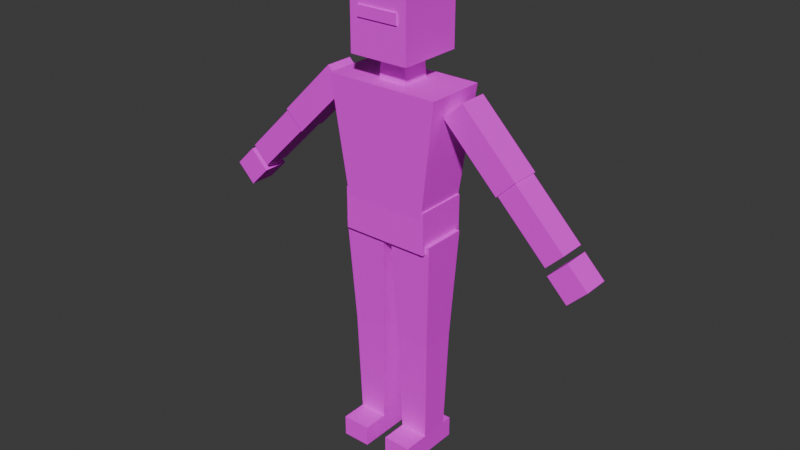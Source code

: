 # Source: template_asset.blend  (saved by Blender 5.3.31; exported with 4.5.12 LTS)
import bpy
from mathutils import Matrix  # noqa: F401  (used for matrix-valued properties, if any)

bpy.ops.wm.read_factory_settings(use_empty=True)
scene = bpy.context.scene
scene.name = 'Scene'

# ---- collections
col_collection = bpy.data.collections.new('Collection'); scene.collection.children.link(col_collection)
col_reference = bpy.data.collections.new('Reference'); scene.collection.children.link(col_reference)
col_asset = bpy.data.collections.new('Asset'); scene.collection.children.link(col_asset)

# ---- images (referenced by path relative to the original .blend; pixels are not part of the script)
import os
ASSET_DIR = os.environ.get("B2B_ASSET_DIR", "")  # directory of the original .blend (textures are referenced by path, not embedded)
HERE = os.path.dirname(os.path.abspath(__file__))  # packed textures are extracted next to this script under _unpacked/

def load_image(name, relpath, width, height, colorspace="sRGB"):
    """Load a texture the original file referenced (path relative to the .blend, or extracted next to this script)."""
    p = next((c for c in (os.path.join(HERE, relpath), os.path.join(ASSET_DIR, relpath)) if relpath and os.path.exists(c)), "")
    if p:
        img = bpy.data.images.load(p, check_existing=True)
        img.name = name
    else:  # same state as the original file: an image datablock whose file is absent (Cycles renders it pink)
        img = bpy.data.images.new(name, width, height)
        img.source = "FILE"
        img.filepath = "//" + (relpath or name)
    img.colorspace_settings.name = colorspace
    return img
img_palette_png = load_image('palette.png', 'palette.png', 1024, 1024, 'sRGB')

# ---- materials (node trees are filled in below, after node groups)
mat_m_palette = bpy.data.materials.new('M_Palette')

# ---- material node trees
mat_m_palette.use_nodes = True; mat_m_palette.node_tree.nodes.clear()
_N = mat_m_palette.node_tree.nodes; _L = mat_m_palette.node_tree.links
n0 = _N.new('ShaderNodeBsdfPrincipled'); n0.name = 'Principled BSDF'; n0.location = (-200, 100)
n0.inputs[2].default_value = 0.8
n0.inputs[10].default_value = 0.005
n1 = _N.new('ShaderNodeOutputMaterial'); n1.name = 'Material Output'; n1.location = (200, 100)
n2 = _N.new('ShaderNodeTexImage'); n2.name = 'Image Texture'; n2.location = (-400, 200)
n2.image = img_palette_png
n2.interpolation = 'Closest'
_L.new(n0.outputs[0], n1.inputs[0])
_L.new(n2.outputs[0], n0.inputs[0])
n1.is_active_output = True

# ---- world
world_world = bpy.data.worlds.new('World'); scene.world = world_world
world_world.use_nodes = True; world_world.node_tree.nodes.clear()
_N = world_world.node_tree.nodes; _L = world_world.node_tree.links
n0 = _N.new('ShaderNodeOutputWorld'); n0.name = 'World Output'; n0.location = (200, 100)
n1 = _N.new('ShaderNodeBackground'); n1.name = 'Background'; n1.location = (-200, 100)
n1.inputs[0].default_value = (0.05088, 0.05088, 0.05088, 1.0)
_L.new(n1.outputs[0], n0.inputs[0])
n0.is_active_output = True
world_world.color = (0.05088, 0.05088, 0.05088)
world_world.sun_shadow_jitter_overblur = 0.0

# ---- meshes
me_ref_human_1m80 = bpy.data.meshes.new('ref_human_1m80')
me_ref_human_1m80.from_pydata([(-0.155, -0.155, 0.0), (-0.155, -0.155, 0.08), (-0.155, 0.095, 0.0), (-0.155, 0.095, 0.08), (-0.045, -0.155, 0.0), (-0.045, -0.155, 0.08), (-0.045, 0.095, 0.0), (-0.045, 0.095, 0.08), (-0.155, -0.055, 0.08), (-0.045, -0.055, 0.08), (-0.045, 0.055, 0.08), (-0.155, 0.055, 0.08), (-0.165, -0.065, 0.48), (-0.035, -0.065, 0.48), (-0.035, 0.065, 0.48), (-0.165, 0.065, 0.48), (-0.165, -0.065, 0.48), (-0.035, -0.065, 0.48), (-0.035, 0.065, 0.48), (-0.165, 0.065, 0.48), (-0.185, -0.085, 0.9), (-0.015, -0.085, 0.9), (-0.015, 0.085, 0.9), (-0.185, 0.085, 0.9), (-0.4975, -0.055, 1.223), (-0.2854, -0.055, 1.435), (-0.4975, 0.055, 1.223), (-0.2854, 0.055, 1.435), (-0.4268, -0.055, 1.153), (-0.2146, -0.055, 1.365), (-0.4268, 0.055, 1.153), (-0.2146, 0.055, 1.365), (-0.6849, -0.05, 1.029), (-0.494, -0.05, 1.22), (-0.6849, 0.05, 1.029), (-0.494, 0.05, 1.22), (-0.6212, -0.05, 0.9651), (-0.4303, -0.05, 1.156), (-0.6212, 0.05, 0.9651), (-0.4303, 0.05, 1.156), (-0.7785, -0.05, 0.9322), (-0.7007, -0.05, 1.01), (-0.7785, 0.05, 0.9322), (-0.7007, 0.05, 1.01), (-0.7078, -0.05, 0.8615), (-0.63, -0.05, 0.9393), (-0.7078, 0.05, 0.8615), (-0.63, 0.05, 0.9393), (0.045, -0.155, 0.0), (0.045, -0.155, 0.08), (0.045, 0.095, 0.0), (0.045, 0.095, 0.08), (0.155, -0.155, 0.0), (0.155, -0.155, 0.08), (0.155, 0.095, 0.0), (0.155, 0.095, 0.08), (0.045, -0.055, 0.08), (0.155, -0.055, 0.08), (0.155, 0.055, 0.08), (0.045, 0.055, 0.08), (0.035, -0.065, 0.48), (0.165, -0.065, 0.48), (0.165, 0.065, 0.48), (0.035, 0.065, 0.48), (0.035, -0.065, 0.48), (0.165, -0.065, 0.48), (0.165, 0.065, 0.48), (0.035, 0.065, 0.48), (0.015, -0.085, 0.9), (0.185, -0.085, 0.9), (0.185, 0.085, 0.9), (0.015, 0.085, 0.9), (0.4268, -0.055, 1.153), (0.2146, -0.055, 1.365), (0.4268, 0.055, 1.153), (0.2146, 0.055, 1.365), (0.4975, -0.055, 1.223), (0.2854, -0.055, 1.435), (0.4975, 0.055, 1.223), (0.2854, 0.055, 1.435), (0.6212, -0.05, 0.9651), (0.4303, -0.05, 1.156), (0.6212, 0.05, 0.9651), (0.4303, 0.05, 1.156), (0.6849, -0.05, 1.029), (0.494, -0.05, 1.22), (0.6849, 0.05, 1.029), (0.494, 0.05, 1.22), (0.7078, -0.05, 0.8615), (0.63, -0.05, 0.9393), (0.7078, 0.05, 0.8615), (0.63, 0.05, 0.9393), (0.7785, -0.05, 0.9322), (0.7007, -0.05, 1.01), (0.7785, 0.05, 0.9322), (0.7007, 0.05, 1.01), (-0.17, -0.1, 0.87), (-0.17, -0.1, 1.03), (-0.17, 0.1, 0.87), (-0.17, 0.1, 1.03), (0.17, -0.1, 0.87), (0.17, -0.1, 1.03), (0.17, 0.1, 0.87), (0.17, 0.1, 1.03), (-0.16, -0.1, 1.0), (0.16, -0.1, 1.0), (0.16, 0.1, 1.0), (-0.16, 0.1, 1.0), (-0.22, -0.115, 1.44), (0.22, -0.115, 1.44), (0.22, 0.115, 1.44), (-0.22, 0.115, 1.44), (-0.055, -0.055, 1.44), (0.055, -0.055, 1.44), (0.055, 0.055, 1.44), (-0.055, 0.055, 1.44), (-0.05, -0.05, 1.52), (0.05, -0.05, 1.52), (0.05, 0.05, 1.52), (-0.05, 0.05, 1.52), (-0.115, -0.125, 1.53), (-0.115, -0.125, 1.8), (-0.115, 0.125, 1.53), (-0.115, 0.125, 1.8), (0.115, -0.125, 1.53), (0.115, -0.125, 1.8), (0.115, 0.125, 1.53), (0.115, 0.125, 1.8), (-0.08, -0.131, 1.66), (-0.08, -0.131, 1.7), (-0.08, -0.121, 1.66), (-0.08, -0.121, 1.7), (0.08, -0.131, 1.66), (0.08, -0.131, 1.7), (0.08, -0.121, 1.66), (0.08, -0.121, 1.7)], [], [(0, 1, 3, 2), (2, 3, 7, 6), (6, 7, 5, 4), (4, 5, 1, 0), (2, 6, 4, 0), (7, 3, 1, 5), (11, 10, 9, 8), (12, 13, 14, 15), (8, 9, 13, 12), (9, 10, 14, 13), (10, 11, 15, 14), (11, 8, 12, 15), (19, 18, 17, 16), (20, 21, 22, 23), (16, 17, 21, 20), (17, 18, 22, 21), (18, 19, 23, 22), (19, 16, 20, 23), (24, 25, 27, 26), (26, 27, 31, 30), (30, 31, 29, 28), (28, 29, 25, 24), (26, 30, 28, 24), (31, 27, 25, 29), (32, 33, 35, 34), (34, 35, 39, 38), (38, 39, 37, 36), (36, 37, 33, 32), (34, 38, 36, 32), (39, 35, 33, 37), (40, 41, 43, 42), (42, 43, 47, 46), (46, 47, 45, 44), (44, 45, 41, 40), (42, 46, 44, 40), (47, 43, 41, 45), (48, 49, 51, 50), (50, 51, 55, 54), (54, 55, 53, 52), (52, 53, 49, 48), (50, 54, 52, 48), (55, 51, 49, 53), (59, 58, 57, 56), (60, 61, 62, 63), (56, 57, 61, 60), (57, 58, 62, 61), (58, 59, 63, 62), (59, 56, 60, 63), (67, 66, 65, 64), (68, 69, 70, 71), (64, 65, 69, 68), (65, 66, 70, 69), (66, 67, 71, 70), (67, 64, 68, 71), (72, 73, 75, 74), (74, 75, 79, 78), (78, 79, 77, 76), (76, 77, 73, 72), (74, 78, 76, 72), (79, 75, 73, 77), (80, 81, 83, 82), (82, 83, 87, 86), (86, 87, 85, 84), (84, 85, 81, 80), (82, 86, 84, 80), (87, 83, 81, 85), (88, 89, 91, 90), (90, 91, 95, 94), (94, 95, 93, 92), (92, 93, 89, 88), (90, 94, 92, 88), (95, 91, 89, 93), (96, 97, 99, 98), (98, 99, 103, 102), (102, 103, 101, 100), (100, 101, 97, 96), (98, 102, 100, 96), (103, 99, 97, 101), (107, 106, 105, 104), (108, 109, 110, 111), (104, 105, 109, 108), (105, 106, 110, 109), (106, 107, 111, 110), (107, 104, 108, 111), (115, 114, 113, 112), (116, 117, 118, 119), (112, 113, 117, 116), (113, 114, 118, 117), (114, 115, 119, 118), (115, 112, 116, 119), (120, 121, 123, 122), (122, 123, 127, 126), (126, 127, 125, 124), (124, 125, 121, 120), (122, 126, 124, 120), (127, 123, 121, 125), (128, 129, 131, 130), (130, 131, 135, 134), (134, 135, 133, 132), (132, 133, 129, 128), (130, 134, 132, 128), (135, 131, 129, 133)])
_uv = me_ref_human_1m80.uv_layers.new(name='UVMap')
_uv.uv.foreach_set('vector', [0.625, 0.125, 0.625, 0.125, 0.625, 0.125, 0.625, 0.125, 0.625, 0.125, 0.625, 0.125, 0.625, 0.125, 0.625, 0.125, 0.625, 0.125, 0.625, 0.125, 0.625, 0.125, 0.625, 0.125, 0.625, 0.125, 0.625, 0.125, 0.625, 0.125, 0.625, 0.125, 0.625, 0.125, 0.625, 0.125, 0.625, 0.125, 0.625, 0.125, 0.625, 0.125, 0.625, 0.125, 0.625, 0.125, 0.625, 0.125, 0.875, 0.375, 0.875, 0.375, 0.875, 0.375, 0.875, 0.375, 0.875, 0.375, 0.875, 0.375, 0.875, 0.375, 0.875, 0.375, 0.875, 0.375, 0.875, 0.375, 0.875, 0.375, 0.875, 0.375, 0.875, 0.375, 0.875, 0.375, 0.875, 0.375, 0.875, 0.375, 0.875, 0.375, 0.875, 0.375, 0.875, 0.375, 0.875, 0.375, 0.875, 0.375, 0.875, 0.375, 0.875, 0.375, 0.875, 0.375, 0.875, 0.375, 0.875, 0.375, 0.875, 0.375, 0.875, 0.375, 0.875, 0.375, 0.875, 0.375, 0.875, 0.375, 0.875, 0.375, 0.875, 0.375, 0.875, 0.375, 0.875, 0.375, 0.875, 0.375, 0.875, 0.375, 0.875, 0.375, 0.875, 0.375, 0.875, 0.375, 0.875, 0.375, 0.875, 0.375, 0.875, 0.375, 0.875, 0.375, 0.875, 0.375, 0.875, 0.375, 0.875, 0.375, 0.875, 0.375, 0.875, 0.375, 0.875, 0.375, 0.875, 0.375, 0.875, 0.375, 0.875, 0.375, 0.875, 0.375, 0.875, 0.375, 0.875, 0.375, 0.875, 0.375, 0.875, 0.375, 0.875, 0.375, 0.875, 0.375, 0.875, 0.375, 0.875, 0.375, 0.875, 0.375, 0.875, 0.375, 0.875, 0.375, 0.875, 0.375, 0.875, 0.375, 0.875, 0.375, 0.875, 0.375, 0.875, 0.375, 0.875, 0.375, 0.875, 0.375, 0.875, 0.375, 0.875, 0.375, 0.875, 0.375, 0.875, 0.375, 0.875, 0.375, 0.875, 0.375, 0.875, 0.375, 0.875, 0.375, 0.875, 0.375, 0.875, 0.375, 0.875, 0.375, 0.875, 0.375, 0.875, 0.375, 0.875, 0.375, 0.875, 0.375, 0.875, 0.375, 0.875, 0.375, 0.875, 0.375, 0.875, 0.375, 0.875, 0.375, 0.875, 0.375, 0.875, 0.375, 0.875, 0.375, 0.875, 0.375, 0.625, 0.625, 0.625, 0.625, 0.625, 0.625, 0.625, 0.625, 0.625, 0.625, 0.625, 0.625, 0.625, 0.625, 0.625, 0.625, 0.625, 0.625, 0.625, 0.625, 0.625, 0.625, 0.625, 0.625, 0.625, 0.625, 0.625, 0.625, 0.625, 0.625, 0.625, 0.625, 0.625, 0.625, 0.625, 0.625, 0.625, 0.625, 0.625, 0.625, 0.625, 0.625, 0.625, 0.625, 0.625, 0.625, 0.625, 0.625, 0.625, 0.125, 0.625, 0.125, 0.625, 0.125, 0.625, 0.125, 0.625, 0.125, 0.625, 0.125, 0.625, 0.125, 0.625, 0.125, 0.625, 0.125, 0.625, 0.125, 0.625, 0.125, 0.625, 0.125, 0.625, 0.125, 0.625, 0.125, 0.625, 0.125, 0.625, 0.125, 0.625, 0.125, 0.625, 0.125, 0.625, 0.125, 0.625, 0.125, 0.625, 0.125, 0.625, 0.125, 0.625, 0.125, 0.625, 0.125, 0.875, 0.375, 0.875, 0.375, 0.875, 0.375, 0.875, 0.375, 0.875, 0.375, 0.875, 0.375, 0.875, 0.375, 0.875, 0.375, 0.875, 0.375, 0.875, 0.375, 0.875, 0.375, 0.875, 0.375, 0.875, 0.375, 0.875, 0.375, 0.875, 0.375, 0.875, 0.375, 0.875, 0.375, 0.875, 0.375, 0.875, 0.375, 0.875, 0.375, 0.875, 0.375, 0.875, 0.375, 0.875, 0.375, 0.875, 0.375, 0.875, 0.375, 0.875, 0.375, 0.875, 0.375, 0.875, 0.375, 0.875, 0.375, 0.875, 0.375, 0.875, 0.375, 0.875, 0.375, 0.875, 0.375, 0.875, 0.375, 0.875, 0.375, 0.875, 0.375, 0.875, 0.375, 0.875, 0.375, 0.875, 0.375, 0.875, 0.375, 0.875, 0.375, 0.875, 0.375, 0.875, 0.375, 0.875, 0.375, 0.875, 0.375, 0.875, 0.375, 0.875, 0.375, 0.875, 0.375, 0.875, 0.375, 0.875, 0.375, 0.875, 0.375, 0.875, 0.375, 0.875, 0.375, 0.875, 0.375, 0.875, 0.375, 0.875, 0.375, 0.875, 0.375, 0.875, 0.375, 0.875, 0.375, 0.875, 0.375, 0.875, 0.375, 0.875, 0.375, 0.875, 0.375, 0.875, 0.375, 0.875, 0.375, 0.875, 0.375, 0.875, 0.375, 0.875, 0.375, 0.875, 0.375, 0.875, 0.375, 0.875, 0.375, 0.875, 0.375, 0.875, 0.375, 0.875, 0.375, 0.875, 0.375, 0.875, 0.375, 0.875, 0.375, 0.875, 0.375, 0.875, 0.375, 0.875, 0.375, 0.875, 0.375, 0.875, 0.375, 0.875, 0.375, 0.875, 0.375, 0.875, 0.375, 0.875, 0.375, 0.875, 0.375, 0.875, 0.375, 0.875, 0.375, 0.875, 0.375, 0.875, 0.375, 0.875, 0.375, 0.875, 0.375, 0.875, 0.375, 0.875, 0.375, 0.875, 0.375, 0.625, 0.625, 0.625, 0.625, 0.625, 0.625, 0.625, 0.625, 0.625, 0.625, 0.625, 0.625, 0.625, 0.625, 0.625, 0.625, 0.625, 0.625, 0.625, 0.625, 0.625, 0.625, 0.625, 0.625, 0.625, 0.625, 0.625, 0.625, 0.625, 0.625, 0.625, 0.625, 0.625, 0.625, 0.625, 0.625, 0.625, 0.625, 0.625, 0.625, 0.625, 0.625, 0.625, 0.625, 0.625, 0.625, 0.625, 0.625, 0.875, 0.375, 0.875, 0.375, 0.875, 0.375, 0.875, 0.375, 0.875, 0.375, 0.875, 0.375, 0.875, 0.375, 0.875, 0.375, 0.875, 0.375, 0.875, 0.375, 0.875, 0.375, 0.875, 0.375, 0.875, 0.375, 0.875, 0.375, 0.875, 0.375, 0.875, 0.375, 0.875, 0.375, 0.875, 0.375, 0.875, 0.375, 0.875, 0.375, 0.875, 0.375, 0.875, 0.375, 0.875, 0.375, 0.875, 0.375, 0.875, 0.375, 0.875, 0.375, 0.875, 0.375, 0.875, 0.375, 0.875, 0.375, 0.875, 0.375, 0.875, 0.375, 0.875, 0.375, 0.875, 0.375, 0.875, 0.375, 0.875, 0.375, 0.875, 0.375, 0.875, 0.375, 0.875, 0.375, 0.875, 0.375, 0.875, 0.375, 0.875, 0.375, 0.875, 0.375, 0.875, 0.375, 0.875, 0.375, 0.875, 0.375, 0.875, 0.375, 0.875, 0.375, 0.875, 0.375, 0.625, 0.625, 0.625, 0.625, 0.625, 0.625, 0.625, 0.625, 0.625, 0.625, 0.625, 0.625, 0.625, 0.625, 0.625, 0.625, 0.625, 0.625, 0.625, 0.625, 0.625, 0.625, 0.625, 0.625, 0.625, 0.625, 0.625, 0.625, 0.625, 0.625, 0.625, 0.625, 0.625, 0.625, 0.625, 0.625, 0.625, 0.625, 0.625, 0.625, 0.625, 0.625, 0.625, 0.625, 0.625, 0.625, 0.625, 0.625, 0.625, 0.625, 0.625, 0.625, 0.625, 0.625, 0.625, 0.625, 0.625, 0.625, 0.625, 0.625, 0.625, 0.625, 0.625, 0.625, 0.625, 0.625, 0.625, 0.625, 0.625, 0.625, 0.625, 0.625, 0.625, 0.625, 0.625, 0.625, 0.625, 0.625, 0.625, 0.625, 0.625, 0.625, 0.625, 0.625, 0.625, 0.625, 0.625, 0.625, 0.625, 0.625, 0.625, 0.625, 0.625, 0.625, 0.625, 0.625, 0.625, 0.125, 0.625, 0.125, 0.625, 0.125, 0.625, 0.125, 0.625, 0.125, 0.625, 0.125, 0.625, 0.125, 0.625, 0.125, 0.625, 0.125, 0.625, 0.125, 0.625, 0.125, 0.625, 0.125, 0.625, 0.125, 0.625, 0.125, 0.625, 0.125, 0.625, 0.125, 0.625, 0.125, 0.625, 0.125, 0.625, 0.125, 0.625, 0.125, 0.625, 0.125, 0.625, 0.125, 0.625, 0.125, 0.625, 0.125])
me_ref_human_1m80.materials.append(mat_m_palette)
me_ref_human_1m80.update()

# ---- objects
ob_ref_human_1m80 = bpy.data.objects.new('ref_human_1m80', me_ref_human_1m80)

# ---- transforms, parenting, visibility, modifiers, constraints
ob_ref_human_1m80.location = (0.0, 0.0, 0.0)
ob_ref_human_1m80.hide_select = True

# ---- collection membership
col_reference.objects.link(ob_ref_human_1m80)

# ---- scene / render settings (as saved in the file)
scene.frame_start = 1; scene.frame_end = 250; scene.frame_set(1)
scene.render.engine = 'BLENDER_EEVEE_NEXT'
scene.render.bake_bias = 0.0
scene.render.bake_samples = 0
scene.render.compositor_device = 'GPU'
scene.eevee.use_volume_custom_range = False
scene.eevee.fast_gi_thickness_near = 0.1
scene.eevee.fast_gi_thickness_far = 0.0
scene.eevee.ray_tracing_options.screen_trace_thickness = 0.1
bpy.context.view_layer.update()

# ---- added for rendering (the .blend has no active camera and no usable light): camera, sun
cam_auto = bpy.data.cameras.new('AutoCamera')
cam_auto.lens = 50.0
cam_auto.sensor_width = 36.0
cam_auto.clip_end = 1000.0
ob_auto_camera = bpy.data.objects.new('AutoCamera', cam_auto)
scene.collection.objects.link(ob_auto_camera)
ob_auto_camera.location = (2.2172, -2.67565, 2.67376)
ob_auto_camera.rotation_euler = (1.09748, -7.21219e-08, 0.694738)
scene.camera = ob_auto_camera
light_auto_sun = bpy.data.lights.new('AutoSun', 'SUN')
light_auto_sun.energy = 3.0
light_auto_sun.angle = 0.0523599
ob_auto_sun = bpy.data.objects.new('AutoSun', light_auto_sun)
scene.collection.objects.link(ob_auto_sun)
ob_auto_sun.rotation_euler = (0.872665, 0.174533, 0.523599)
bpy.context.view_layer.update()

Work item - Check the lines above for the word "saved" and give the number of lines where it appears, with no other text.

Exercise answer - 2